Outside of the straight forward challenge of making a method for this new operation (involving string converting the param integers, concatenating the strings, and parsing a long out as a result), this poses a challenge with our first solution. Since we can no longer define each operator as either a 0 or a 1, we can no longer encode our operations in an integer in the same way that we were earlier. However, we can modify our solution by shifting two bits in to our range for every operator instead of one, and making a truth table.

0 0 | Addition
0 1 | Multiplication
1 0 | Concatenation
1 1 | Not used (invalid)

This solution proceeds exactly as the solution for part one did, except as stated earlier our ’top level’ permutation now has two 1s for every operator instead of 1, and when checking each operator we have to shift out two bits per operator. Here’s how my code ended up looking:

Permutation_Sol_2.png

Importantly (and this was a bug when I first coded this up), any permutation in which there is any 0b11 operator at all would be invalid. 0b11 in this case is not simply a NOP, it’s a completely invalid permutation as that operator doesn’t exist.
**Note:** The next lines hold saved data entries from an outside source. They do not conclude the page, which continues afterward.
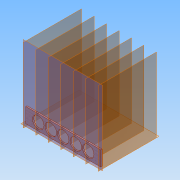
# Autodesk Inventor part: Timing_Base 1
Saved by Autodesk Inventor 2018.1 (Build 221171000, 171)
## iProperties
Created: 2019-02-11
Part Number: Timing_Base 1
Material: Wood (Oak)
Document SubType Name: Modeling
Designer: James
Density: 0.76 g/cm^3
Appearance: White Oak - Natural Medium Gloss
Author: James
Autodesk Inventor part; units mm, degrees
ref_plane "YZ Plane" through (0, 0, 0) normal (1, 0, 0) x (0, 1, 0)
ref_plane "XZ Plane" through (0, 0, 0) normal (0, 1, 0) x (-1, 0, 0)
ref_plane "XY Plane" through (0, 0, 0) normal (0, 0, 1) x (1, 0, 0)
derived "Selection_Skeleton.ipt"
ref_plane "Ground" through (0, 0, 0) normal (0, 1, 0) x (-1, 0, 0)
ref_plane "LHS inner" through (0, 0, 0) normal (1, 0, 0) x (0, 1, 0)
ref_plane "RHS inner" through (300, 0, 0) normal (1, 0, 0) x (0, 1, 0)
ref_plane "Lane 1" through (50, 0, 0) normal (1, 0, 0) x (0, 1, 0)
ref_plane "Lane 2" through (100, 0, 0) normal (1, 0, 0) x (0, 1, 0)
ref_plane "Lane 3" through (150, 0, 0) normal (1, 0, 0) x (0, 1, 0)
ref_plane "Lane 4" through (200, 0, 0) normal (1, 0, 0) x (0, 1, 0)
ref_plane "Lane 5" through (250, 0, 0) normal (1, 0, 0) x (0, 1, 0)
ref_plane "Back" through (0, 0, 0) normal (0, 0, 1) x (1, 0, 0)
sketch "Sketch1" plane through (0, 0, 0) normal (0, 1, 0) x (-1, 0, 0)
  line L0 (0, -12) -> (0, 72) projected
  line L1 (-300, -12) -> (-300, 72) projected
  line L2 (-360, 0) -> (60, 0) projected
  line L3 (0, 0) -> (-300, 0)
  line L4 (-300, 0) -> (-300, 60)
  line L5 (-300, 60) -> (0, 60)
  line L6 (0, 60) -> (0, 0)
  dimension "d1" = 60
  constraints: 8 end point, 2 parallel, 1 horizontal, 1 perpendicular, 1 point on line
  measures "d1" distance of L3.end L4.end
extrude "Extrusion1" add sketch "Sketch1" along normal blind 5
sketch "Sketch2" plane through (0, 5, 0) normal (0, 1, 0) x (1, 0, 0)
  line L0 (50, 12) -> (50, -72) projected
  line L1 (100, 12) -> (100, -72) projected
  line L2 (150, 12) -> (150, -72) projected
  line L3 (200, 12) -> (200, -72) projected
  line L4 (250, 12) -> (250, -72) projected
  line L5 (300, 0) -> (0, 0) projected
  line L6 (0, -60) -> (300, -60) projected
  point P0 (50, -30)
  dimension "d4" = 30
  dimension "d5" = 30
  constraints: 1 midpoint
  measures "d4" distance from line of point (50, -30) L5
  measures "d5" distance from line of L6 point (50, -30)
hole "Hole1" at (50, 5, 30) direction (0, -1, 0) diameter 46 end through all
pattern_linear "Rectangular Pattern1" count 5 spacing 50 along (1, 0, 0) of "Hole1"
equation "\"d4\" = d5"
body "Solid1"
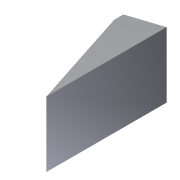
# Autodesk Inventor part: Goal Guide
Saved by Autodesk Inventor 2011 (Build 150239000, 239)
## iProperties
Created: 2014-09-14
Part Number: Goal Guide
Material: Default
Document SubType Name: Sheet Metal
Designer: Family Room
Density: 1 g/cm^3
Sheet Metal Rule: Default
Author: Family Room
Autodesk Inventor part; units mm, degrees
ref_plane "YZ Plane" through (0, 0, 0) normal (1, 0, 0) x (0, 1, 0)
ref_plane "XZ Plane" through (0, 0, 0) normal (0, 1, 0) x (-1, 0, 0)
ref_plane "XY Plane" through (0, 0, 0) normal (0, 0, 1) x (1, 0, 0)
sketch "Sketch1" plane through (0, 0, 0) normal (0, 0, 1) x (1, 0, 0)
  line L0 (6.9293, 12.8397) -> (-18.4707, 12.8397)
  line L1 (-18.4707, 12.8397) -> (-18.4707, -37.9603)
  line L2 (-18.4707, -37.9603) -> (6.9293, -37.9603)
  line L3 (6.9293, -37.9603) -> (6.9293, 12.8397)
  line L4 (-15.2957, 9.6647) -> (3.7543, 9.6647)
  line L5 (3.7543, 9.6647) -> (3.7543, -34.7853)
  line L6 (3.7543, -34.7853) -> (-15.2957, -34.7853)
  line L7 (-15.2957, -34.7853) -> (-15.2957, 9.6647)
  point P0 (0, 0)
  dimension "d0" = 25.4
  dimension "d1" = 50.8
  dimension "d2" = 3.175
  constraints: 16 end point, 4 parallel, 2 perpendicular, 1 horizontal, 3 other
  measures "d0" distance of L2.end L1.end
  measures "d1" distance of L1.end L0.end
  measures "d2" distance between parallel lines of L0 L4
extrude "Extrusion1" add sketch "Sketch1" along normal blind 254
sketch "Sketch2" plane through (-18.4707, 12.8397, 0) normal (0, 1, 0) x (1, 0, 0)
  line L0 (0, -254) -> (25.4, -254) projected
  line L1 (25.4, 0) -> (25.4, -254) projected
  line L2 (25.4, 0) -> (0, 0) projected
  line L3 (0, 0) -> (0, -254) projected
  line L4 (25.4, -254) -> (0, -175.8268)
  line L5 (25.4, -254) -> (114.3, -254) construction
  line L6 (0, -168.778) -> (25.4, -160.525)
  line L7 (25.4, -160.525) -> (25.4, -254)
  line L8 (0, -175.8268) -> (0, -168.778)
  point P0 (18.4707, 0)
  dimension "d6" = 108
  constraints: 10 end point, 3 point on line, 1 collinear, 1 horizontal, 1 perpendicular
  measures "d6" angle of L5 L4
extrude "Extrusion2" cut sketch "Sketch2" against normal blind 254 contours L3 L4 L0 | L6 L3 L2 L1
equation "\"BendRadius\" = Thickness"
equation "\"BendReliefWidth\" = Thickness"
equation "\"BendReliefDepth\" = 0.5 * Thickness"
equation "\"CornerReliefSize\" = 4 * Thickness"
equation "\"MinimumRemnant\" = 2 * Thickness"
equation "\"TransitionRadius\" = BendRadius"
equation "\"JacobiRadiusSize\" = BendRadius"
equation "\"GapSize\" = Thickness"
equation "\"Thickness\" = 3.048"
body "Solid1"
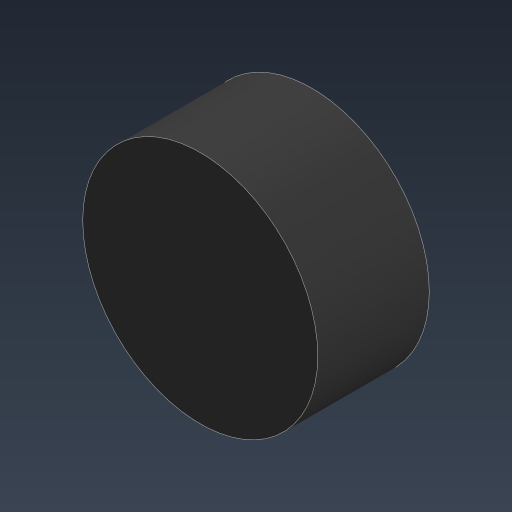
# Autodesk Inventor part: oponka
Saved by Autodesk Inventor 2023 (Build 270158000, 158)
## iProperties
Created: 2025-04-29
Part Number: oponka
Material: Rubber, Silicone
Document SubType Name: Modeling
Designer: szymo
Density: 1.25 g/cm^3
Appearance: Rubber - Black
Mass: 22.8201 g
Surface Area: 40.1064 cm^2
Volume: 18.2561 cm^3
Author: szymo
Autodesk Inventor part; units mm, degrees
ref_plane "YZ Plane" through (0, 0, 0) normal (1, 0, 0) x (0, 1, 0)
ref_plane "XZ Plane" through (0, 0, 0) normal (0, 1, 0) x (-1, 0, 0)
ref_plane "XY Plane" through (0, 0, 0) normal (0, 0, 1) x (1, 0, 0)
sketch "Sketch1" plane through (0, 0, 0) normal (0, 0, 1) x (1, 0, 0)
  circle A0 centre (-1.7398, 4.8953) radius 7.9323
  circle A1 centre (-1.7398, 4.8953) radius 20
  circle A2 centre (5.4482, 9.0453) radius 1 projected
  circle A3 centre (-8.9278, 9.0453) radius 1 projected
  arc A4 (-11.3542, 2.1453) -> (7.8747, 2.1453) centre (-1.7398, 4.8953) ccw projected
  arc A5 (6.799, 0.7313) -> (6.6562, 2.1453) centre (5.5856, 1.323) ccw projected
  line L0 (6.6562, 2.1453) -> (7.8747, 2.1453) projected
  line L1 (-11.3542, 2.1453) -> (-10.1358, 2.1453) projected
  arc A6 (-10.1358, 2.1453) -> (-10.2785, 0.7313) centre (-9.0651, 1.323) ccw projected
  arc A7 (-10.2785, 0.7313) -> (-5.9038, -3.6435) centre (-1.7398, 4.8953) ccw projected
  arc A8 (-5.9038, -3.6435) -> (-4.7204, -1.2166) centre (-5.3121, -2.43) ccw projected
  arc A9 (-4.7204, -1.2166) -> (1.2408, -1.2166) centre (-1.7398, 4.8953) ccw projected
  arc A10 (1.2408, -1.2166) -> (2.4243, -3.6435) centre (1.8325, -2.43) ccw projected
  arc A11 (2.4243, -3.6435) -> (6.799, 0.7313) centre (-1.7398, 4.8953) ccw projected
  point P0 (0, 0)
  point P1 (-9.6144, 5.85)
  point P2 (-8.9278, 8.0453)
  point P3 (5.4482, 8.0453)
  dimension "d0" = 40
  constraints: 2 coincident, 2 vertical alignment, 1 centre point, 3 other
  measures "d0" diameter of A1
ref_plane "Work Plane1" through (-9.6144, -3.5, -18.975) normal (0, 0, -1) x (0, 1, 0)
extrude "Extrusion1" add sketch "Sketch1" against normal up to surface (18.975 mm away) contours A0 A10 A9 A8 A3 A2 | A2 A0 | A0 A2 | A10 A11 A5 L0 A4 L1 A6 A7 A8 A0 | A0 A8 A9 A10 | A3 A0 | A0 A3 | A1
body "Solid1"

Another important thing, with this solution we’re doing quite a bit more work then we need to. Since 0b11 is not a valid permutation, we don’t actually need to be checking that at all, and we end up checking 25% more permutations then we need to. Also, where the time complexity of our original problem was 2^n-1, the complexity of this solution is 4^n-1. Still exponential, but clearly takes quite a bit more time. When I ran this (single threaded) on my Ryzen 9 it took 25 ms to solve part 1, but it took almost a MINUTE to solve part 2!

Lots of talk for one small algorithm, but it was such a cool idea that I wanted to post about it. The idea of using your iterator as a bitmask to check all possible permutations of an array is a problem that I could see myself running into even outside of fun riddles like this, and this is a pretty novel way to solve it.